» **What needs to be done**
As soon as the line containing "#164=CIRCLE('',#163,3.);" appears in the material below, start returning lines exactly, and end with the line containing "#193=DIRECTION('',(0.,0.,-1.));".

» **Data in this exercise**
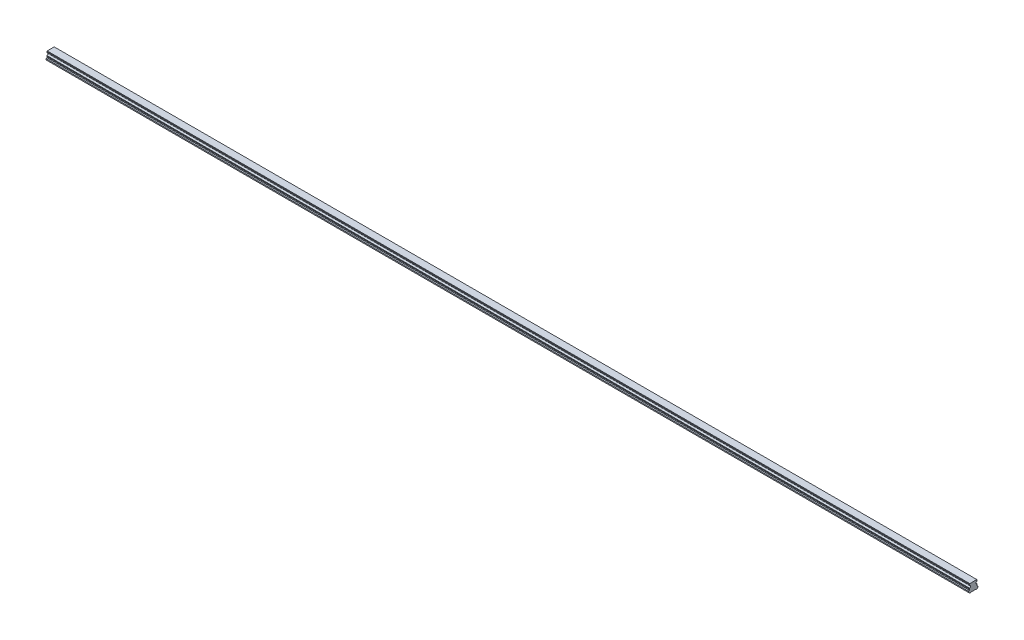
ISO-10303-21;
HEADER;
FILE_DESCRIPTION(('STEP AP214'),'2;1');
FILE_NAME('part.step','',(''),(''),'','','');
FILE_SCHEMA(('AUTOMOTIVE_DESIGN { 1 0 10303 214 1 1 1 1 }'));
ENDSEC;
DATA;
#1=APPLICATION_CONTEXT('core data for automotive mechanical design processes');
#2=APPLICATION_PROTOCOL_DEFINITION('international standard','automotive_design',2000,#1);
#3=PRODUCT_CONTEXT('',#1,'mechanical');
#4=PRODUCT('Part','Part','',(#3));
#5=PRODUCT_RELATED_PRODUCT_CATEGORY('part','',(#4));
#6=PRODUCT_DEFINITION_FORMATION('','',#4);
#7=PRODUCT_DEFINITION_CONTEXT('part definition',#1,'design');
#8=PRODUCT_DEFINITION('design','',#6,#7);
#9=PRODUCT_DEFINITION_SHAPE('','',#8);
#10=(LENGTH_UNIT() NAMED_UNIT(*) SI_UNIT(.MILLI.,.METRE.));
#11=(NAMED_UNIT(*) PLANE_ANGLE_UNIT() SI_UNIT($,.RADIAN.));
#12=(NAMED_UNIT(*) SI_UNIT($,.STERADIAN.) SOLID_ANGLE_UNIT());
#13=UNCERTAINTY_MEASURE_WITH_UNIT(LENGTH_MEASURE(1.E-05),#10,'distance_accuracy_value','');
#14=(GEOMETRIC_REPRESENTATION_CONTEXT(3) GLOBAL_UNCERTAINTY_ASSIGNED_CONTEXT((#13)) GLOBAL_UNIT_ASSIGNED_CONTEXT((#10,
#11,#12)) REPRESENTATION_CONTEXT('',''));
#15=CARTESIAN_POINT('',(0.,0.,0.));
#16=DIRECTION('',(0.,0.,1.));
#17=DIRECTION('',(1.,0.,0.));
#18=AXIS2_PLACEMENT_3D('',#15,#16,#17);
#19=CARTESIAN_POINT('',(2430.,0.499999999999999,0.));
#20=DIRECTION('',(0.,-1.,0.));
#21=DIRECTION('',(0.,0.,-1.));
#22=AXIS2_PLACEMENT_3D('',#19,#20,#21);
#23=CONICAL_SURFACE('',#22,3.5,0.785398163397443);
#24=CARTESIAN_POINT('',(2430.,1.00000000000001,0.));
#25=DIRECTION('',(0.,1.,0.));
#26=DIRECTION('',(0.,0.,1.));
#27=AXIS2_PLACEMENT_3D('',#24,#25,#26);
#28=CIRCLE('',#27,3.);
#29=CARTESIAN_POINT('',(2430.,1.00000000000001,3.));
#30=VERTEX_POINT('',#29);
#31=EDGE_CURVE('E11',#30,#30,#28,.F.);
#32=ORIENTED_EDGE('',*,*,#31,.F.);
#33=EDGE_LOOP('',(#32));
#34=FACE_BOUND('',#33,.T.);
#35=CARTESIAN_POINT('',(2430.,0.499999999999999,0.));
#36=DIRECTION('',(0.,1.,0.));
#37=DIRECTION('',(0.,0.,1.));
#38=AXIS2_PLACEMENT_3D('',#35,#36,#37);
#39=CIRCLE('',#38,3.5);
#40=CARTESIAN_POINT('',(2430.,0.5,3.5));
#41=VERTEX_POINT('',#40);
#42=EDGE_CURVE('E890',#41,#41,#39,.T.);
#43=ORIENTED_EDGE('',*,*,#42,.F.);
#44=EDGE_LOOP('',(#43));
#45=FACE_BOUND('',#44,.T.);
#46=ADVANCED_FACE('F39',(#34,#45),#23,.F.);
#47=CARTESIAN_POINT('',(2430.,12.,0.));
#48=DIRECTION('',(0.,-1.,0.));
#49=DIRECTION('',(0.,0.,-1.));
#50=AXIS2_PLACEMENT_3D('',#47,#48,#49);
#51=CYLINDRICAL_SURFACE('',#50,3.);
#52=ORIENTED_EDGE('',*,*,#31,.T.);
#53=EDGE_LOOP('',(#52));
#54=FACE_BOUND('',#53,.T.);
#55=CARTESIAN_POINT('',(2430.,12.,0.));
#56=DIRECTION('',(0.,-1.,0.));
#57=DIRECTION('',(0.,0.,-1.));
#58=AXIS2_PLACEMENT_3D('',#55,#56,#57);
#59=CIRCLE('',#58,3.);
#60=CARTESIAN_POINT('',(2430.,12.,-3.));
#61=VERTEX_POINT('',#60);
#62=EDGE_CURVE('E49',#61,#61,#59,.T.);
#63=ORIENTED_EDGE('',*,*,#62,.F.);
#64=EDGE_LOOP('',(#63));
#65=FACE_BOUND('',#64,.T.);
#66=ADVANCED_FACE('F1265',(#54,#65),#51,.F.);
#67=CARTESIAN_POINT('',(2430.,12.,0.));
#68=DIRECTION('',(0.,-1.,0.));
#69=DIRECTION('',(0.,0.,-1.));
#70=AXIS2_PLACEMENT_3D('',#67,#68,#69);
#71=PLANE('',#70);
#72=CARTESIAN_POINT('',(2430.,12.,0.));
#73=DIRECTION('',(0.,-1.,0.));
#74=DIRECTION('',(0.,0.,-1.));
#75=AXIS2_PLACEMENT_3D('',#72,#73,#74);
#76=CIRCLE('',#75,2.5);
#77=CARTESIAN_POINT('',(2430.,12.,-2.5));
#78=VERTEX_POINT('',#77);
#79=EDGE_CURVE('E42',#78,#78,#76,.T.);
#80=ORIENTED_EDGE('',*,*,#79,.F.);
#81=EDGE_LOOP('',(#80));
#82=FACE_BOUND('',#81,.T.);
#83=ORIENTED_EDGE('',*,*,#62,.T.);
#84=EDGE_LOOP('',(#83));
#85=FACE_BOUND('',#84,.T.);
#86=ADVANCED_FACE('F1270',(#82,#85),#71,.T.);
#87=CARTESIAN_POINT('',(2370.,0.499999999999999,0.));
#88=DIRECTION('',(0.,-1.,0.));
#89=DIRECTION('',(0.,0.,-1.));
#90=AXIS2_PLACEMENT_3D('',#87,#88,#89);
#91=CONICAL_SURFACE('',#90,3.5,0.785398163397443);
#92=CARTESIAN_POINT('',(2370.,1.00000000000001,0.));
#93=DIRECTION('',(0.,1.,0.));
#94=DIRECTION('',(0.,0.,1.));
#95=AXIS2_PLACEMENT_3D('',#92,#93,#94);
#96=CIRCLE('',#95,3.);
#97=CARTESIAN_POINT('',(2370.,1.00000000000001,3.));
#98=VERTEX_POINT('',#97);
#99=EDGE_CURVE('E886',#98,#98,#96,.F.);
#100=ORIENTED_EDGE('',*,*,#99,.F.);
#101=EDGE_LOOP('',(#100));
#102=FACE_BOUND('',#101,.T.);
#103=CARTESIAN_POINT('',(2370.,0.499999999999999,0.));
#104=DIRECTION('',(0.,1.,0.));
#105=DIRECTION('',(0.,0.,1.));
#106=AXIS2_PLACEMENT_3D('',#103,#104,#105);
#107=CIRCLE('',#106,3.5);
#108=CARTESIAN_POINT('',(2370.,0.5,3.5));
#109=VERTEX_POINT('',#108);
#110=EDGE_CURVE('E878',#109,#109,#107,.T.);
#111=ORIENTED_EDGE('',*,*,#110,.F.);
#112=EDGE_LOOP('',(#111));
#113=FACE_BOUND('',#112,.T.);
#114=ADVANCED_FACE('F1801',(#102,#113),#91,.F.);
#115=CARTESIAN_POINT('',(2370.,12.,0.));
#116=DIRECTION('',(0.,-1.,0.));
#117=DIRECTION('',(0.,0.,-1.));
#118=AXIS2_PLACEMENT_3D('',#115,#116,#117);
#119=CYLINDRICAL_SURFACE('',#118,3.);
#120=ORIENTED_EDGE('',*,*,#99,.T.);
#121=EDGE_LOOP('',(#120));
#122=FACE_BOUND('',#121,.T.);
#123=CARTESIAN_POINT('',(2370.,12.,0.));
#124=DIRECTION('',(0.,-1.,0.));
#125=DIRECTION('',(0.,0.,-1.));
#126=AXIS2_PLACEMENT_3D('',#123,#124,#125);
#127=CIRCLE('',#126,3.);
#128=CARTESIAN_POINT('',(2370.,12.,-3.));
#129=VERTEX_POINT('',#128);
#130=EDGE_CURVE('E882',#129,#129,#127,.T.);
#131=ORIENTED_EDGE('',*,*,#130,.F.);
#132=EDGE_LOOP('',(#131));
#133=FACE_BOUND('',#132,.T.);
#134=ADVANCED_FACE('F1797',(#122,#133),#119,.F.);
#135=CARTESIAN_POINT('',(2370.,12.,0.));
#136=DIRECTION('',(0.,-1.,0.));
#137=DIRECTION('',(0.,0.,-1.));
#138=AXIS2_PLACEMENT_3D('',#135,#136,#137);
#139=PLANE('',#138);
#140=CARTESIAN_POINT('',(2370.,12.,0.));
#141=DIRECTION('',(0.,-1.,0.));
#142=DIRECTION('',(0.,0.,-1.));
#143=AXIS2_PLACEMENT_3D('',#140,#141,#142);
#144=CIRCLE('',#143,2.5);
#145=CARTESIAN_POINT('',(2370.,12.,-2.5));
#146=VERTEX_POINT('',#145);
#147=EDGE_CURVE('E1048',#146,#146,#144,.T.);
#148=ORIENTED_EDGE('',*,*,#147,.F.);
#149=EDGE_LOOP('',(#148));
#150=FACE_BOUND('',#149,.T.);
#151=ORIENTED_EDGE('',*,*,#130,.T.);
#152=EDGE_LOOP('',(#151));
#153=FACE_BOUND('',#152,.T.);
#154=ADVANCED_FACE('F1793',(#150,#153),#139,.T.);
#155=CARTESIAN_POINT('',(2310.,0.499999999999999,0.));
#156=DIRECTION('',(0.,-1.,0.));
#157=DIRECTION('',(0.,0.,-1.));
#158=AXIS2_PLACEMENT_3D('',#155,#156,#157);
#159=CONICAL_SURFACE('',#158,3.5,0.785398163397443);
#160=CARTESIAN_POINT('',(2310.,1.00000000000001,0.));
#161=DIRECTION('',(0.,1.,0.));
#162=DIRECTION('',(0.,0.,1.));
#163=AXIS2_PLACEMENT_3D('',#160,#161,#162);
#164=CIRCLE('',#163,3.);
#165=CARTESIAN_POINT('',(2310.,1.00000000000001,3.));
#166=VERTEX_POINT('',#165);
#167=EDGE_CURVE('E874',#166,#166,#164,.F.);
#168=ORIENTED_EDGE('',*,*,#167,.F.);
#169=EDGE_LOOP('',(#168));
#170=FACE_BOUND('',#169,.T.);
#171=CARTESIAN_POINT('',(2310.,0.499999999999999,0.));
#172=DIRECTION('',(0.,1.,0.));
#173=DIRECTION('',(0.,0.,1.));
#174=AXIS2_PLACEMENT_3D('',#171,#172,#173);
#175=CIRCLE('',#174,3.5);
#176=CARTESIAN_POINT('',(2310.,0.5,3.5));
#177=VERTEX_POINT('',#176);
#178=EDGE_CURVE('E866',#177,#177,#175,.T.);
#179=ORIENTED_EDGE('',*,*,#178,.F.);
#180=EDGE_LOOP('',(#179));
#181=FACE_BOUND('',#180,.T.);
#182=ADVANCED_FACE('F1789',(#170,#181),#159,.F.);
#183=CARTESIAN_POINT('',(2310.,12.,0.));
#184=DIRECTION('',(0.,-1.,0.));
#185=DIRECTION('',(0.,0.,-1.));
#186=AXIS2_PLACEMENT_3D('',#183,#184,#185);
#187=CYLINDRICAL_SURFACE('',#186,3.);
#188=ORIENTED_EDGE('',*,*,#167,.T.);
#189=EDGE_LOOP('',(#188));
#190=FACE_BOUND('',#189,.T.);
#191=CARTESIAN_POINT('',(2310.,12.,0.));
#192=DIRECTION('',(0.,-1.,0.));
#193=DIRECTION('',(0.,0.,-1.));
#194=AXIS2_PLACEMENT_3D('',#191,#192,#193);
#195=CIRCLE('',#194,3.);
#196=CARTESIAN_POINT('',(2310.,12.,-3.));
#197=VERTEX_POINT('',#196);
#198=EDGE_CURVE('E870',#197,#197,#195,.T.);
#199=ORIENTED_EDGE('',*,*,#198,.F.);
#200=EDGE_LOOP('',(#199));
#201=FACE_BOUND('',#200,.T.);
#202=ADVANCED_FACE('F1785',(#190,#201),#187,.F.);
#203=CARTESIAN_POINT('',(2310.,12.,0.));
#204=DIRECTION('',(0.,-1.,0.));
#205=DIRECTION('',(0.,0.,-1.));
#206=AXIS2_PLACEMENT_3D('',#203,#204,#205);
#207=PLANE('',#206);
#208=CARTESIAN_POINT('',(2310.,12.,0.));
#209=DIRECTION('',(0.,-1.,0.));
#210=DIRECTION('',(0.,0.,-1.));
#211=AXIS2_PLACEMENT_3D('',#208,#209,#210);
#212=CIRCLE('',#211,2.5);
#213=CARTESIAN_POINT('',(2310.,12.,-2.5));
#214=VERTEX_POINT('',#213);
#215=EDGE_CURVE('E1045',#214,#214,#212,.T.);
#216=ORIENTED_EDGE('',*,*,#215,.F.);
#217=EDGE_LOOP('',(#216));
#218=FACE_BOUND('',#217,.T.);
#219=ORIENTED_EDGE('',*,*,#198,.T.);
#220=EDGE_LOOP('',(#219));
#221=FACE_BOUND('',#220,.T.);
#222=ADVANCED_FACE('F1781',(#218,#221),#207,.T.);
#223=CARTESIAN_POINT('',(2250.,0.499999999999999,0.));
#224=DIRECTION('',(0.,-1.,0.));
#225=DIRECTION('',(0.,0.,-1.));
#226=AXIS2_PLACEMENT_3D('',#223,#224,#225);
#227=CONICAL_SURFACE('',#226,3.5,0.785398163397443);
#228=CARTESIAN_POINT('',(2250.,1.00000000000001,0.));
#229=DIRECTION('',(0.,1.,0.));
#230=DIRECTION('',(0.,0.,1.));
#231=AXIS2_PLACEMENT_3D('',#228,#229,#230);
#232=CIRCLE('',#231,3.);
#233=CARTESIAN_POINT('',(2250.,1.00000000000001,3.));
#234=VERTEX_POINT('',#233);
#235=EDGE_CURVE('E862',#234,#234,#232,.F.);
#236=ORIENTED_EDGE('',*,*,#235,.F.);
#237=EDGE_LOOP('',(#236));
#238=FACE_BOUND('',#237,.T.);
#239=CARTESIAN_POINT('',(2250.,0.499999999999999,0.));
#240=DIRECTION('',(0.,1.,0.));
#241=DIRECTION('',(0.,0.,1.));
#242=AXIS2_PLACEMENT_3D('',#239,#240,#241);
#243=CIRCLE('',#242,3.5);
#244=CARTESIAN_POINT('',(2250.,0.5,3.5));
#245=VERTEX_POINT('',#244);
#246=EDGE_CURVE('E854',#245,#245,#243,.T.);
#247=ORIENTED_EDGE('',*,*,#246,.F.);
#248=EDGE_LOOP('',(#247));
#249=FACE_BOUND('',#248,.T.);
#250=ADVANCED_FACE('F1777',(#238,#249),#227,.F.);
#251=CARTESIAN_POINT('',(2250.,12.,0.));
#252=DIRECTION('',(0.,-1.,0.));
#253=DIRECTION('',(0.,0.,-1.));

» **Answer space**
#164=CIRCLE('',#163,3.);
#165=CARTESIAN_POINT('',(2310.,1.00000000000001,3.));
#166=VERTEX_POINT('',#165);
#167=EDGE_CURVE('E874',#166,#166,#164,.F.);
#168=ORIENTED_EDGE('',*,*,#167,.F.);
#169=EDGE_LOOP('',(#168));
#170=FACE_BOUND('',#169,.T.);
#171=CARTESIAN_POINT('',(2310.,0.499999999999999,0.));
#172=DIRECTION('',(0.,1.,0.));
#173=DIRECTION('',(0.,0.,1.));
#174=AXIS2_PLACEMENT_3D('',#171,#172,#173);
#175=CIRCLE('',#174,3.5);
#176=CARTESIAN_POINT('',(2310.,0.5,3.5));
#177=VERTEX_POINT('',#176);
#178=EDGE_CURVE('E866',#177,#177,#175,.T.);
#179=ORIENTED_EDGE('',*,*,#178,.F.);
#180=EDGE_LOOP('',(#179));
#181=FACE_BOUND('',#180,.T.);
#182=ADVANCED_FACE('F1789',(#170,#181),#159,.F.);
#183=CARTESIAN_POINT('',(2310.,12.,0.));
#184=DIRECTION('',(0.,-1.,0.));
#185=DIRECTION('',(0.,0.,-1.));
#186=AXIS2_PLACEMENT_3D('',#183,#184,#185);
#187=CYLINDRICAL_SURFACE('',#186,3.);
#188=ORIENTED_EDGE('',*,*,#167,.T.);
#189=EDGE_LOOP('',(#188));
#190=FACE_BOUND('',#189,.T.);
#191=CARTESIAN_POINT('',(2310.,12.,0.));
#192=DIRECTION('',(0.,-1.,0.));
#193=DIRECTION('',(0.,0.,-1.));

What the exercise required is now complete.